RT-PCR amplification of Gene fragments of interest
And designing a specific primer of a candidate gene DoBBS8 according to the information of the dendrobium candidum transcriptome, and performing PCR amplification by using KOD DNA Polymerase to obtain the full length of the DoBBS8 gene. And (3) recovering PCR products (target gene fragments) by glue, connecting the PCR products to a pEASY-blue vector, transforming Trans1-T1 competent cells, carrying out blue white spot screening and colony PCR screening, and sequencing positive clone shaking bacteria to confirm sequence information of candidate genes.
PCR reaction System:
pcr cycle:
1) 94 ℃ for 2min; 2) 10sec at 98 ℃; 3) 58 ℃ for 30sec; 4) 68 ℃ for 1min; 5) Cycling for 35 times 2-4 times; 6) 68 ℃ for 10min; 7) Maintained at 10 ℃.

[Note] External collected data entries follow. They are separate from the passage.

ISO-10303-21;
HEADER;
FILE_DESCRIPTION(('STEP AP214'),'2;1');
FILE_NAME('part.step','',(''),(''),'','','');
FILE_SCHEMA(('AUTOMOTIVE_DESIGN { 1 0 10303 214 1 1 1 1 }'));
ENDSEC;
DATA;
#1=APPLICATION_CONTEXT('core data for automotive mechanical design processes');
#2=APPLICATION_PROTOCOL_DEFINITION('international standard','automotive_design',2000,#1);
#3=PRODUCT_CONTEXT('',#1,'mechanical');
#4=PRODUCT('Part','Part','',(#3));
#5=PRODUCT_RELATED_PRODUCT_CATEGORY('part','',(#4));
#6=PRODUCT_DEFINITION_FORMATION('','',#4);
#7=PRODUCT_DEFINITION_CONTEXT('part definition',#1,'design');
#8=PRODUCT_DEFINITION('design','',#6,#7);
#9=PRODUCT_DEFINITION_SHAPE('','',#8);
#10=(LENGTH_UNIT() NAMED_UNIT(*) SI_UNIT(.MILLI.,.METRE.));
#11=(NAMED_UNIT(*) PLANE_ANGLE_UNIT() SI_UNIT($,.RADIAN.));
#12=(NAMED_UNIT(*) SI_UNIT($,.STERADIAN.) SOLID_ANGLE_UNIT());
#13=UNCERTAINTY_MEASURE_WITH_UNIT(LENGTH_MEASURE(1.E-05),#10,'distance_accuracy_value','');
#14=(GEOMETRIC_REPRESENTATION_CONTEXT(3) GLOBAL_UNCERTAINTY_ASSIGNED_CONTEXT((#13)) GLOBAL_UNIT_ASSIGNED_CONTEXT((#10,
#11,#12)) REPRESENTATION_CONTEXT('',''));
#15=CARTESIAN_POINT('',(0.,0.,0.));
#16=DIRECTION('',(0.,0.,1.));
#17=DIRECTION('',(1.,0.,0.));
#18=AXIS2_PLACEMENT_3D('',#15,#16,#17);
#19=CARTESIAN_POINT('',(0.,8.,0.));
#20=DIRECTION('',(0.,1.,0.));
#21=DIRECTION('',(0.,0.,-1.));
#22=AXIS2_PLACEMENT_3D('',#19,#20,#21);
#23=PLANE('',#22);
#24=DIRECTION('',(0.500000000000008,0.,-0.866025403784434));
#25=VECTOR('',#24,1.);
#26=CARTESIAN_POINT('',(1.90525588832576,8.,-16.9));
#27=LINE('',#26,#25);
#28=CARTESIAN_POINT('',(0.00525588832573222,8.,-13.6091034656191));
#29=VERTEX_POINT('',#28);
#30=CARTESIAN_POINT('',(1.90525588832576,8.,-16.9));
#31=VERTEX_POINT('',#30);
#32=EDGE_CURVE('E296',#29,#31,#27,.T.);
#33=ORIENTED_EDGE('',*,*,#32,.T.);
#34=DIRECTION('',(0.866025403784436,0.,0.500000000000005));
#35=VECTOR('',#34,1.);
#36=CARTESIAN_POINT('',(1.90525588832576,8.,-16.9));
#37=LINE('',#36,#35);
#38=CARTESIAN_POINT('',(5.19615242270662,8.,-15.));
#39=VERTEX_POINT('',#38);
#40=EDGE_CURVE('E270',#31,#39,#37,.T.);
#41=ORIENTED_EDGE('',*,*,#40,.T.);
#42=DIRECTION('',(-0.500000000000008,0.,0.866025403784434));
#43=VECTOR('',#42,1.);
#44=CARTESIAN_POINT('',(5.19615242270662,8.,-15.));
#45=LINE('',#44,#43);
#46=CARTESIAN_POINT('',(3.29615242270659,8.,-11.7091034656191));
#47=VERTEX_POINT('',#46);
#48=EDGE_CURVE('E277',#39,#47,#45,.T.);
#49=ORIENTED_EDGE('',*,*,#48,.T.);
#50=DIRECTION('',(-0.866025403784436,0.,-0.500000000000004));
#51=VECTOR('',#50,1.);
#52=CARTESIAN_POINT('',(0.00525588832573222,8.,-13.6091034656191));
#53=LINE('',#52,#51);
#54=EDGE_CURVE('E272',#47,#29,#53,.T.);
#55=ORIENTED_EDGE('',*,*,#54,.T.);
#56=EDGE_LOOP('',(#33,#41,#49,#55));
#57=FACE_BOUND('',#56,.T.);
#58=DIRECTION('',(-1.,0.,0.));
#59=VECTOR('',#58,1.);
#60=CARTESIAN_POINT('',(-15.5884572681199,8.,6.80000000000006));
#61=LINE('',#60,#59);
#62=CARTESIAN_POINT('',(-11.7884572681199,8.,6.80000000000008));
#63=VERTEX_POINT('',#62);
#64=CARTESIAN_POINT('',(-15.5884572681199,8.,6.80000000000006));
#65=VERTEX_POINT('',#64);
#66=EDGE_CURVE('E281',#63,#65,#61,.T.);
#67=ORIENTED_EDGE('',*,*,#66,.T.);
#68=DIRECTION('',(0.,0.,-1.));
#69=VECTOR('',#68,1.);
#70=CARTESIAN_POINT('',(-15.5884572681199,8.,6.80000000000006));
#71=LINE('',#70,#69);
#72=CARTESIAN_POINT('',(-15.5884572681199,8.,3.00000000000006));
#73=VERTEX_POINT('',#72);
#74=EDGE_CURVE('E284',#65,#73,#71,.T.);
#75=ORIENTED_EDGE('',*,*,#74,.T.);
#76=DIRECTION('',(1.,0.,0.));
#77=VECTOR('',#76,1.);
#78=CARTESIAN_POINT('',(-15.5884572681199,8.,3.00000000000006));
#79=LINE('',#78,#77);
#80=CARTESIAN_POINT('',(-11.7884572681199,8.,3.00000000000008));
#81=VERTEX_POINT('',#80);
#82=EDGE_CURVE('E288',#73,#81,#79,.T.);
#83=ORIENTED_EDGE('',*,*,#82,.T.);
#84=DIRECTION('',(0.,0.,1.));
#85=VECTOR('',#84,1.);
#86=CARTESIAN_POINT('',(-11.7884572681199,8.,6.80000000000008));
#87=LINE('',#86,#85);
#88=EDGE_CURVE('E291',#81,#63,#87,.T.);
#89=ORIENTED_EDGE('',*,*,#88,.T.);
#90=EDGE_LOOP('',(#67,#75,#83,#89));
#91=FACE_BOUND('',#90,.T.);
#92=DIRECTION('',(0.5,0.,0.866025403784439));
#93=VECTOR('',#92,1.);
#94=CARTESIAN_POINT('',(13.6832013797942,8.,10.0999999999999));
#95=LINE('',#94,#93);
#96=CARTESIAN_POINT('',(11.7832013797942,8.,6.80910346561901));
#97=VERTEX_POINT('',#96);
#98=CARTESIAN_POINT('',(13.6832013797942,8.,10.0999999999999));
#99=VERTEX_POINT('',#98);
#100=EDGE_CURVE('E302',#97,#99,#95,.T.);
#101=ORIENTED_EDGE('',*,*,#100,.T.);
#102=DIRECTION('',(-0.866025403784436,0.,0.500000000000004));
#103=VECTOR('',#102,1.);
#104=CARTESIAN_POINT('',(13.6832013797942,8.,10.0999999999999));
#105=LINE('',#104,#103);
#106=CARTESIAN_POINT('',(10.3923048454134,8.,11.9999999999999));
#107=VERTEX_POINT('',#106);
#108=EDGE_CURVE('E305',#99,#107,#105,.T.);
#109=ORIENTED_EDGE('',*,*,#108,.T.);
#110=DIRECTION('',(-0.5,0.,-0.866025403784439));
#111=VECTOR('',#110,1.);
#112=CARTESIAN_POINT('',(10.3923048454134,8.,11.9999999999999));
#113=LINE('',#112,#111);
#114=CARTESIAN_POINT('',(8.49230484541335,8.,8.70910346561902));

Example 2: construction of pCDFDuet-1-DoBBS8 recombinant expression vector
The pCDFDuet-1 has 2 multiple cloning sites, and EcoRV restriction sites positioned at the second multiple cloning site are selected for single restriction to obtain a linear vector of the pCDFDuet-1; meanwhile, primers containing homologous arms of the vector are designed according to the gene sequences at two sides of the pCDFDuet-1-EcoRV locus of the expression vector, and homologous arms are respectively introduced at two sides of the target gene DoBBS8 by a PCR technology (the specific method is the same as that of example 1), and the PCR product is recovered by glue. The connection of the target gene and the linearized pCDFDuet-1 vector is realized by utilizing homologous recombination, trans1-T1 competent cells are transformed, colony PCR screening is carried out, positive cloning is carried out, sequencing is carried out, sequence information of candidate genes is confirmed, and a transformant with correct sequence is obtained by extracting plasmids to obtain recombinant plasmid pCDFDuet-1-DoBBS8.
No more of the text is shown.